● Task objective: Your task is to copy the stretch of lines in the records below that begins with the line containing "Line((-5.4245050427, 3.6329477006), (-1.328253163, 0))" and ends with the line containing "-1.3614536781), (-21.8939850089, -1.9742023898))", exactly as written, with nothing added.

● Data to process:

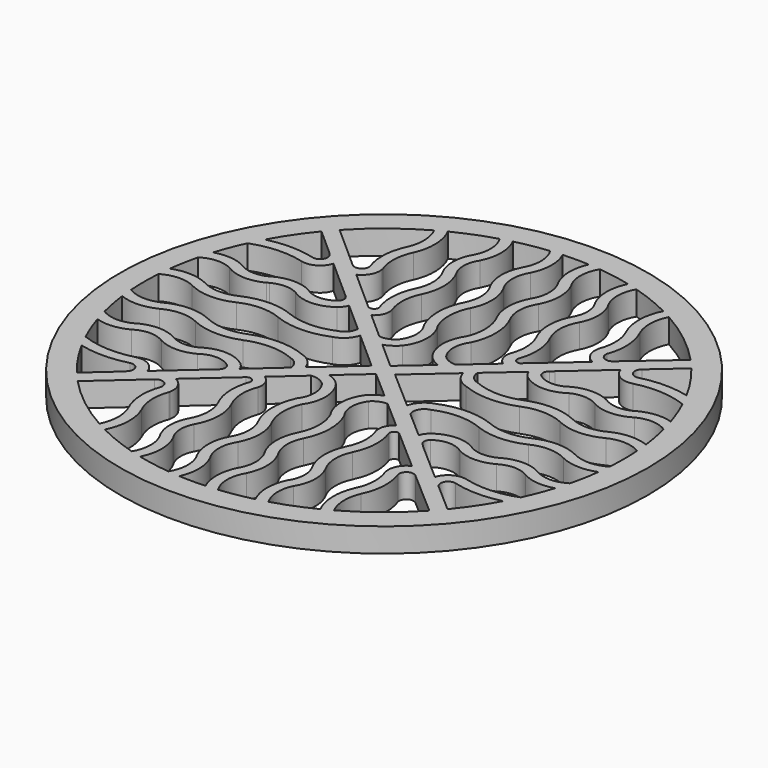
from build123d import *

# Parameters (mm, degrees)
F0_R     = 27.94
F1_DEPTH = 2.54


# Not quite as in the source:
# - ends of sketch curves that miss each other by under 0.0002 mm in the source are joined


with BuildPart() as f1:
    # F0 (on Top) → F1 (new body)
    with BuildSketch(Plane.XY):
        Circle(F0_R)
        with BuildLine():
            Line((-18.5704831808, -17.3290840621), (-13.8005321379, -13.098635549))
            ThreePointArc((-13.8005321379, -13.098635549), (-12.906008286, -13.0112132814), (-12.5460925989, -13.8347885801))
            ThreePointArc((-12.5460925989, -13.8347885801), (-12.8977992847, -16.1722814952), (-12.3113500616, -18.4621828096))
            ThreePointArc((-12.3113500616, -18.4621828096), (-11.9533208933, -20.3219772897), (-12.4161624395, -22.1584952169))
            ThreePointArc((-12.4161624395, -22.1584952169), (-15.6803652612, -19.9821456624), (-18.5704831808, -17.3290840621))
        make_face(mode=Mode.SUBTRACT)
        with BuildLine():
            Line((-16.5311535001, -13.4369904456), (-16.6220914229, -13.564037606))
            Line((-16.6220914229, -13.564037606), (-19.5763440963, -16.1841512543))
            ThreePointArc((-19.5763440963, -16.1841512543), (-21.0445692163, -14.2227320336), (-22.3169864748, -12.1289783034))
            ThreePointArc((-22.3169864748, -12.1289783034), (-19.7773206943, -12.4353403441), (-17.2424184103, -12.0917848367))
            ThreePointArc((-17.2424184103, -12.0917848367), (-16.3555594533, -12.4835065865), (-16.5311535001, -13.4369904456))
        make_face(mode=Mode.SUBTRACT)
        with BuildLine():
            Line((-12.4929334647, -11.9389320609), (-8.1518250801, -8.0888222075))
            ThreePointArc((-8.1518250801, -8.0888222075), (-7.5848144389, -8.0278903633), (-7.3414510498, -8.5436306251))
            ThreePointArc((-7.3414510498, -8.5436306251), (-7.6962049281, -10.8285786216), (-7.1160036617, -13.0669271539))
            ThreePointArc((-7.1160036617, -13.0669271539), (-6.7161500742, -14.9429747655), (-7.2321257599, -16.7904613349))
            ThreePointArc((-7.2321257599, -16.7904613349), (-7.7064237742, -18.845016734), (-7.0859523066, -20.8602516215))
            ThreePointArc((-7.0859523066, -20.8602516215), (-6.7211428867, -22.6227957974), (-7.2321257599, -24.3486417895))
            ThreePointArc((-7.2321257599, -24.3486417895), (-9.3559303924, -23.6141179486), (-11.4065002981, -22.6947516168))
            ThreePointArc((-11.4065002981, -22.6947516168), (-10.8107716851, -20.3540767822), (-11.2731624395, -17.9834553338))
            ThreePointArc((-11.2731624395, -17.9834553338), (-11.758060909, -16.0759793316), (-11.437578849, -14.1341033124))
            Line((-11.437578849, -14.1341033124), (-11.4188391308, -14.0269326452))
            ThreePointArc((-11.4188391308, -14.0269326452), (-11.596606163, -12.7981140346), (-12.4929334647, -11.9389320609))
        make_face(mode=Mode.SUBTRACT)
        with BuildLine():
            Line((-6.9854120479, -7.0543356408), (-4.1093686564, -4.5035854592))
            ThreePointArc((-4.1093686564, -4.5035854592), (-3.2193987681, -4.622483985), (-2.4732761203, -5.1219679745))
            ThreePointArc((-2.4732761203, -5.1219679745), (-1.9512402498, -6.7679594308), (-2.4983765115, -8.4057784791))
            ThreePointArc((-2.4983765115, -8.4057784791), (-3.0543737307, -11.0452272125), (-2.4107500728, -13.6646872925))
            ThreePointArc((-2.4107500728, -13.6646872925), (-2.0125173354, -15.4777115994), (-2.5659752822, -17.2495272647))
            ThreePointArc((-2.5659752822, -17.2495272647), (-3.0984296295, -19.3613287647), (-2.6085446443, -21.4834093261))
            ThreePointArc((-2.6085446443, -21.4834093261), (-2.088534568, -23.3762023641), (-2.6272335105, -25.2637614793))
            ThreePointArc((-2.6272335105, -25.2637614793), (-4.3733190571, -25.020673061), (-6.0983371667, -24.657053429))
            ThreePointArc((-6.0983371667, -24.657053429), (-6.0937218208, -24.6479307461), (-6.0891257599, -24.638798332))
            ThreePointArc((-6.0891257599, -24.638798332), (-5.5749024675, -22.4680644679), (-6.0891257599, -20.2973306037))
            ThreePointArc((-6.0891257599, -20.2973306037), (-6.5627915104, -18.8369130713), (-6.2289017722, -17.3383483398))
            ThreePointArc((-6.2289017722, -17.3383483398), (-5.5734089799, -14.9687958695), (-6.0891257599, -12.5649477228))
            ThreePointArc((-6.0891257599, -12.5649477228), (-6.5561181002, -10.7393618485), (-6.2466127495, -8.8805848129))
            ThreePointArc((-6.2466127495, -8.8805848129), (-6.3100290028, -7.8436762867), (-6.9854120479, -7.0543356408))
        make_face(mode=Mode.SUBTRACT)
        with BuildLine():
            Line((-10.7794748619, -8.3822467826), (-15.2007910101, -12.3034925472))
            ThreePointArc((-15.2007910101, -12.3034925472), (-16.1010101713, -11.1724173912), (-17.5346267563, -10.9867590113))
            ThreePointArc((-17.5346267563, -10.9867590113), (-20.3062535778, -11.2809984553), (-23.0334956908, -10.7059831993))
            ThreePointArc((-23.0334956908, -10.7059831993), (-23.6783363344, -9.19219171), (-24.2238119338, -7.639825613))
            ThreePointArc((-24.2238119338, -7.639825613), (-22.5093516319, -7.8291197338), (-20.856343234, -7.3364031546))
            ThreePointArc((-20.856343234, -7.3364031546), (-19.2961519486, -6.8658747452), (-17.7295057945, -7.3144432007))
            ThreePointArc((-17.7295057945, -7.3144432007), (-15.8135280217, -7.7981545882), (-13.8921396836, -7.3364031546))
            ThreePointArc((-13.8921396836, -7.3364031546), (-12.3358072727, -6.8157514758), (-10.7794748619, -7.3364031546))
            ThreePointArc((-10.7794748619, -7.3364031546), (-10.5312463908, -7.8303040534), (-10.7360509039, -8.3437342659))
            ThreePointArc((-10.7360509039, -8.3437342659), (-10.7573480268, -8.3634582863), (-10.7794748619, -8.3822467826))
        make_face(mode=Mode.SUBTRACT)
        with BuildLine():
            ThreePointArc((-24.6333464508, -6.1934031546), (-24.9649839092, -4.6807668616), (-25.2038268228, -3.1507322145))
            ThreePointArc((-25.2038268228, -3.1507322145), (-23.2746663282, -3.4703434645), (-21.3780211987, -2.994372018))
            ThreePointArc((-21.3780211987, -2.994372018), (-19.501415105, -2.5043500763), (-17.6065823104, -2.9183314944))
            ThreePointArc((-17.6065823104, -2.9183314944), (-15.0565101754, -3.5137315462), (-12.4770380559, -3.0624082698))
            ThreePointArc((-12.4770380559, -3.0624082698), (-9.9451402811, -2.5677176934), (-7.4211004148, -3.1010542307))
            ThreePointArc((-7.4211004148, -3.1010542307), (-6.6509483041, -3.5810685005), (-6.317788309, -4.4251966842))
            Line((-6.317788309, -4.4251966842), (-9.495253242, -7.2432762998))
            ThreePointArc((-9.495253242, -7.2432762998), (-9.7298232295, -6.7980281825), (-10.0775378412, -6.4342102148))
            Line((-10.0775378412, -6.4342102148), (-10.0916950959, -6.4234913333))
            ThreePointArc((-10.0916950959, -6.4234913333), (-12.2793958042, -5.673178142), (-14.4887914077, -6.3569729516))
            ThreePointArc((-14.4887914077, -6.3569729516), (-15.9583042621, -6.6504710139), (-17.3854335884, -6.1934031546))
            ThreePointArc((-17.3854335884, -6.1934031546), (-19.4293945717, -5.7257275396), (-21.4318401679, -6.3475865402))
            ThreePointArc((-21.4318401679, -6.3475865402), (-23.0532754063, -6.6999436052), (-24.6333464508, -6.1934031546))
        make_face(mode=Mode.SUBTRACT)
        with BuildLine():
            Line((-3.0008579849, -3.4897487406), (-0.1074668487, -0.9299076392))
            Line((-0.1074668487, -0.9299076392), (2.8724846558, -3.5323386056))
            ThreePointArc((2.8724846558, -3.5323386056), (2.1752585082, -3.8839965102), (1.5870080755, -4.397561512))
            ThreePointArc((1.5870080755, -4.397561512), (0.8087695638, -6.6735323176), (1.5017849321, -8.9768837863))
            ThreePointArc((1.5017849321, -8.9768837863), (1.9103804325, -11.0743224779), (1.3914487995, -13.1472212473))
            ThreePointArc((1.3914487995, -13.1472212473), (1.3803900845, -13.1691739034), (1.3692218584, -13.1910710497))
            ThreePointArc((1.3692218584, -13.1910710497), (0.8667364927, -15.4065827451), (1.4482800878, -17.602668049))
            Line((1.4482800878, -17.602668049), (1.4530981237, -17.6022709756))
            ThreePointArc((1.4530981237, -17.6022709756), (1.955462941, -19.4080288753), (1.4530232551, -21.2137659447))
            ThreePointArc((1.4530232551, -21.2137659447), (0.9458843119, -23.2802576622), (1.385342962, -25.3621928247))
            ThreePointArc((1.385342962, -25.3621928247), (-0.0001316396, -25.3999999997), (-1.3856058492, -25.3621784638))
            ThreePointArc((-1.3856058492, -25.3621784638), (-0.9461256192, -23.2802478565), (-1.4532431425, -21.2137508825))
            ThreePointArc((-1.4532431425, -21.2137508825), (-1.9554739954, -19.3715116674), (-1.4149317469, -17.5401473582))
            ThreePointArc((-1.4149317469, -17.5401473582), (-0.8661983565, -15.3465313443), (-1.3915850746, -13.1472068237))
            ThreePointArc((-1.3915850746, -13.1472068237), (-1.9104952213, -11.0743026756), (-1.5018779803, -8.9768682194))
            ThreePointArc((-1.5018779803, -8.9768682194), (-0.8088387371, -6.6735239341), (-1.5870536575, -4.3975450619))
            ThreePointArc((-1.5870536575, -4.3975450619), (-2.2317910283, -3.8468312927), (-3.0008579849, -3.4897487406))
        make_face(mode=Mode.SUBTRACT)
        with BuildLine():
            ThreePointArc((-7.0508121213, 2.0164165737), (-6.0285782094, 2.6143373536), (-5.4245050427, 3.6329477006))
            Line((-5.4245050427, 3.6329477006), (-1.328253163, 0))
            Line((-1.328253163, 0), (-5.4245050427, -3.6329477006))
            ThreePointArc((-5.4245050427, -3.6329477006), (-6.0285782094, -2.6143373536), (-7.0508121213, -2.0164165737))
            ThreePointArc((-7.0508121213, -2.0164165737), (-9.9151064709, -1.4249436512), (-12.7911253305, -1.9564865542))
            ThreePointArc((-12.7911253305, -1.9564865542), (-14.9632901191, -2.3725531643), (-17.1202818141, -1.8838834183))
            ThreePointArc((-17.1202818141, -1.8838834183), (-19.5178722599, -1.3614536781), (-21.8939850089, -1.9742023898))
            ThreePointArc((-21.8939850089, -1.9742023898), (-23.6334472472, -2.3277315026), (-25.3346326389, -1.8210955631))
            ThreePointArc((-25.3346326389, -1.8210955631), (-25.4, 0), (-25.3346326389, 1.8210955631))
            ThreePointArc((-25.3346326389, 1.8210955631), (-23.6334472472, 2.3277315026), (-21.8939850089, 1.9742023898))
            ThreePointArc((-21.8939850089, 1.9742023898), (-19.5178722599, 1.3614536781), (-17.1202818141, 1.8838834183))
            ThreePointArc((-17.1202818141, 1.8838834183), (-14.9632901191, 2.3725531643), (-12.7911253305, 1.9564865542))
            ThreePointArc((-12.7911253305, 1.9564865542), (-9.9151064709, 1.4249436512), (-7.0508121213, 2.0164165737))
        make_face(mode=Mode.SUBTRACT)
        with BuildLine():
            ThreePointArc((2.4732230294, -5.1219936106), (3.1568867484, -4.6473445579), (3.9751637063, -4.4953227692))
            Line((3.9751637063, -4.4953227692), (6.9387020687, -7.083419922))
            ThreePointArc((6.9387020687, -7.083419922), (6.2571533754, -7.995229289), (6.3360513806, -9.1308700983))
            ThreePointArc((6.3360513806, -9.1308700983), (6.548399798, -10.8721037819), (6.0889955199, -12.5650108379))
            ThreePointArc((6.0889955199, -12.5650108379), (5.5732538232, -14.9688536389), (6.2287220543, -17.3384129034))
            ThreePointArc((6.2287220543, -17.3384129034), (6.5625962594, -18.8369810958), (6.0889153712, -20.2973937184))
            ThreePointArc((6.0889153712, -20.2973937184), (5.5746802731, -22.4783459819), (6.0980815881, -24.6571166389))
            ThreePointArc((6.0980815881, -24.6571166389), (4.3733190571, -25.020673061), (2.6274953773, -25.2637342458))
            ThreePointArc((2.6274953773, -25.2637342458), (2.6272335106, -25.2637614793), (2.6269716436, -25.26378871))
            ThreePointArc((2.6269716436, -25.26378871), (2.0882922662, -23.3762240111), (2.6083219619, -21.4834363632))
            ThreePointArc((2.6083219619, -21.4834363632), (3.0982289432, -19.3613608798), (2.5657964854, -17.2495538608))
            ThreePointArc((2.5657964852, -17.2495538609), (2.0123569038, -15.477732459), (2.4106084338, -13.66471228))
            ThreePointArc((2.4106084338, -13.66471228), (3.0542592432, -11.0452588714), (2.4982893827, -8.4058043752))
            ThreePointArc((2.4982893827, -8.4058043752), (1.9511700977, -6.7679796556), (2.4732230294, -5.1219936106))
        make_face(mode=Mode.SUBTRACT)
        with BuildLine():
            ThreePointArc((7.3413624919, -8.5437067211), (7.5012043652, -8.0870491747), (7.9748425974, -7.9882951165))
            Line((7.9748425974, -7.9882951165), (12.4966825061, -11.9372775699))
            ThreePointArc((12.4966825061, -11.9372775699), (11.597449826, -12.7963389578), (11.4186937366, -14.0270510044))
            Line((11.4186937366, -14.0270510044), (11.4374323439, -14.1342218658))
            ThreePointArc((11.4374323439, -14.1342218658), (11.7578942757, -16.0761012068), (11.2729760346, -17.9835721827))
            ThreePointArc((11.2729760346, -17.9835721827), (10.810560708, -20.3541888383), (11.4062650591, -22.6948698477))
            ThreePointArc((11.4062650591, -22.6948698477), (9.355685624, -23.6142149246), (7.231873378, -24.3487167515))
            ThreePointArc((7.231873378, -24.3487167515), (6.7209083938, -22.622865463), (7.0857360831, -20.8603250686))
            ThreePointArc((7.0857360831, -20.8603250686), (7.7062284391, -18.8450966125), (7.231951721, -16.7905362973))
            ThreePointArc((7.231951721, -16.7905362973), (6.7159951852, -14.9430443797), (7.1158682184, -13.0670009128))
            ThreePointArc((7.1158682184, -13.0670009128), (7.696092686, -10.8286583947), (7.3413624919, -8.5437067211))
        make_face(mode=Mode.SUBTRACT)
        with BuildLine():
            ThreePointArc((18.6153947957, -17.2808297428), (15.7061784481, -19.9618626024), (12.4159327589, -22.1586239132))
            ThreePointArc((12.4159327589, -22.1586239132), (11.9531102489, -20.3221011886), (12.3111586945, -18.4623104196))
            ThreePointArc((12.3111586945, -18.4623104196), (12.8976316531, -16.1724151841), (12.5459491962, -13.8349186236))
            ThreePointArc((12.5459491962, -13.8349186236), (12.90587342, -13.0113470556), (13.8003963656, -13.0987785953))
            Line((13.8003963656, -13.0987785953), (18.6153947957, -17.2808297428))
        make_face(mode=Mode.SUBTRACT)
        with BuildLine():
            ThreePointArc((22.3168607528, -12.1292096255), (21.0629293857, -14.1955276651), (19.6182702445, -16.1333032146))
            Line((19.6182702445, -16.1333032146), (16.5310142205, -13.4371617956))
            ThreePointArc((16.5310142205, -13.4371617956), (16.3554300569, -12.4836761164), (17.2422930741, -12.0919635592))
            ThreePointArc((17.2422930741, -12.0919635592), (19.777191797, -12.4355453417), (22.3168607528, -12.1292096255))
        make_face(mode=Mode.SUBTRACT)
        with BuildLine():
            Line((1.1805804842, -0.0314254801), (5.4112533657, 3.6805990737))
            ThreePointArc((5.4112533657, 3.6805990737), (6.0111348367, 2.6318235073), (7.0508330218, 2.0163434897))
            ThreePointArc((7.0508330218, 2.0163434897), (9.9151212403, 1.4248408779), (12.7911456094, 1.95635397))
            ThreePointArc((12.7911456094, 1.95635397), (14.9633147106, 2.3723980649), (17.1203013402, 1.883705961))
            ThreePointArc((17.1203013402, 1.883705961), (19.5178863708, 1.3612513691), (21.894005471, 1.9739754515))
            ThreePointArc((21.894005471, 1.9739754515), (23.6334713736, 2.3274865343), (25.3346515138, 1.8208329614))
            ThreePointArc((25.3346515138, 1.8208329614), (25.4, 0), (25.3346515138, -1.8208329614))
            ThreePointArc((25.3346515138, -1.8208329614), (23.6334713736, -2.3274865343), (21.894005471, -1.9739754515))
            ThreePointArc((21.894005471, -1.9739754515), (19.5178863708, -1.3612513691), (17.1203013402, -1.883705961))
            ThreePointArc((17.1203013402, -1.883705961), (14.9633147106, -2.3723980649), (12.7911456094, -1.95635397))
            ThreePointArc((12.7911456094, -1.95635397), (9.9151212403, -1.4248408779), (7.0508330218, -2.0163434897))
            ThreePointArc((7.0508330218, -2.0163434897), (5.9977288514, -2.6455421173), (5.4016477625, -3.717739227))
            Line((5.4016477625, -3.717739227), (1.1805804842, -0.0314254801))
        make_face(mode=Mode.SUBTRACT)
        with BuildLine():
            ThreePointArc((17.5345128741, -10.9869407627), (16.1110985529, -11.1668680867), (15.2074294336, -12.2812577378))
            Line((15.2074294336, -12.2812577378), (11.1406161812, -8.7296560669))
            Line((11.1406161812, -8.7296560669), (10.7793879767, -8.3823585148))
            ThreePointArc((10.7793879767, -8.3823585148), (10.5305397004, -7.8594341214), (10.7793988172, -7.3365148869))
            ThreePointArc((10.7793988172, -7.3365148869), (12.3357366246, -6.81587934), (13.8920636387, -7.3365471507))
            ThreePointArc((13.8920636387, -7.3365471507), (15.8134471905, -7.7983185001), (17.729429977, -7.3146269723))
            ThreePointArc((17.729429977, -7.3146269723), (19.2960807805, -6.8660747556), (20.8562671887, -7.3366193369))
            ThreePointArc((20.8562671887, -7.3366193369), (22.5092704794, -7.82935305), (24.2237327433, -7.6400767001))
            ThreePointArc((24.2237327433, -7.6400767001), (23.6782410532, -9.192437143), (23.0333847186, -10.7062219482))
            ThreePointArc((23.0333847186, -10.7062219482), (20.3061366455, -11.2812089355), (17.5345128741, -10.9869407627))
        make_face(mode=Mode.SUBTRACT)
        with BuildLine():
            Line((9.4820197072, -7.2811818828), (6.5530349027, -4.7232608079))
            ThreePointArc((6.5530349027, -4.7232608079), (6.6185456375, -3.7149112001), (7.4211325578, -3.1009773085))
            ThreePointArc((7.4211325578, -3.1009773085), (9.9451668958, -2.5676146087), (12.477069798, -3.0622789412))
            ThreePointArc((12.477069798, -3.0622789412), (15.0565465956, -3.5135754804), (17.6066125589, -2.9181489964))
            ThreePointArc((17.6066125589, -2.9181489964), (19.5014410624, -2.5041479377), (21.3780522351, -2.9941504278))
            ThreePointArc((21.3780522351, -2.9941504278), (23.2747022981, -3.470102215), (25.2038594798, -3.1504709686))
            ThreePointArc((25.2038594798, -3.1504709686), (24.9649839092, -4.6807668616), (24.6332822529, -6.1936584868))
            ThreePointArc((24.6332822529, -6.1936584868), (23.053205958, -6.7001825594), (21.431774372, -6.3478086878))
            ThreePointArc((21.431774372, -6.3478086878), (19.4293352217, -5.7259289311), (17.3853693908, -6.1935833599))
            ThreePointArc((17.3853693908, -6.1935833599), (15.958235327, -6.6506364265), (14.4887255148, -6.3571231323))
            ThreePointArc((14.4887255148, -6.3571231323), (12.2793369993, -5.6733054215), (10.0916285138, -6.4235959366))
            Line((10.0916285138, -6.4235959366), (10.077471148, -6.4343146713))
            ThreePointArc((10.077471148, -6.4343146713), (9.7181499836, -6.8144391308), (9.4820197072, -7.2811818828))
        make_face(mode=Mode.SUBTRACT)
        with BuildLine():
            ThreePointArc((-10.1148341299, 6.4056053035), (-9.7436825828, 6.7790435487), (-9.4951932373, 7.2432230819))
            Line((-9.4951932373, 7.2432230819), (-6.317788309, 4.4251966842))
            ThreePointArc((-6.317788309, 4.4251966842), (-6.6509483041, 3.5810685005), (-7.4211004148, 3.1010542307))
            ThreePointArc((-7.4211004148, 3.1010542307), (-9.8831598487, 2.5684882175), (-12.3620960269, 3.0159685396))
            ThreePointArc((-12.3620960269, 3.0159685396), (-14.9945418636, 3.5151786201), (-17.6065823104, 2.9183314944))
            ThreePointArc((-17.6065823104, 2.9183314944), (-19.501415105, 2.5043500763), (-21.3780211987, 2.994372018))
            ThreePointArc((-21.3780211987, 2.994372018), (-23.2746663282, 3.4703434645), (-25.2038268228, 3.1507322145))
            ThreePointArc((-25.2038268228, 3.1507322145), (-24.9649353902, 4.6810256314), (-24.6332180523, 6.1939138183))
            ThreePointArc((-24.6332180523, 6.1939138183), (-23.0531365072, 6.7004215129), (-21.4317085738, 6.3480308346))
            ThreePointArc((-21.4317085738, 6.3480308346), (-19.4254245013, 5.7259853337), (-17.3784999898, 6.1973837102))
            ThreePointArc((-17.3784999898, 6.1973837102), (-17.2739491044, 6.2601253131), (-17.1669247978, 6.3185478616))
            ThreePointArc((-17.1669247978, 6.3185478616), (-15.8321543672, 6.6547898981), (-14.4883225858, 6.3568185018))
            ThreePointArc((-14.4883225858, 6.3568185018), (-12.2936757621, 5.6727844094), (-10.1148341299, 6.4056053035))
        make_face(mode=Mode.SUBTRACT)
        with BuildLine():
            ThreePointArc((-17.53439899, 10.987122513), (-16.1009733187, 11.1726413097), (-15.2006627532, 12.3033787968))
            Line((-15.2006627532, 12.3033787968), (-11.2678816749, 8.8154126279))
            Line((-11.2678816749, 8.8154126279), (-10.7793010903, 8.3824702462))
            ThreePointArc((-10.7793010903, 8.3824702462), (-10.5304582343, 7.8595432734), (-10.7793227713, 7.3366266184))
            ThreePointArc((-10.7793227713, 7.3366266184), (-12.3356659752, 6.8160072035), (-13.8919875922, 7.336691146))
            ThreePointArc((-13.8919875922, 7.336691146), (-15.8133663576, 7.7984824111), (-17.7293541576, 7.3148107432))
            ThreePointArc((-17.7293541576, 7.3148107432), (-19.2960096104, 6.8662747653), (-20.8561911412, 7.3368355184))
            ThreePointArc((-20.8561911412, 7.3368355184), (-22.5091893244, 7.8295863653), (-24.2236535501, 7.6403277864))
            ThreePointArc((-24.2236535501, 7.6403277864), (-23.6781457693, 9.1926825751), (-23.0332737439, 10.7064606961))
            ThreePointArc((-23.0332737439, 10.7064606961), (-20.3060197111, 11.2814194145), (-17.53439899, 10.987122513))
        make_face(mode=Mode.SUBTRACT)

● Solution:
            Line((-5.4245050427, 3.6329477006), (-1.328253163, 0))
            Line((-1.328253163, 0), (-5.4245050427, -3.6329477006))
            ThreePointArc((-5.4245050427, -3.6329477006), (-6.0285782094, -2.6143373536), (-7.0508121213, -2.0164165737))
            ThreePointArc((-7.0508121213, -2.0164165737), (-9.9151064709, -1.4249436512), (-12.7911253305, -1.9564865542))
            ThreePointArc((-12.7911253305, -1.9564865542), (-14.9632901191, -2.3725531643), (-17.1202818141, -1.8838834183))
            ThreePointArc((-17.1202818141, -1.8838834183), (-19.5178722599, -1.3614536781), (-21.8939850089, -1.9742023898))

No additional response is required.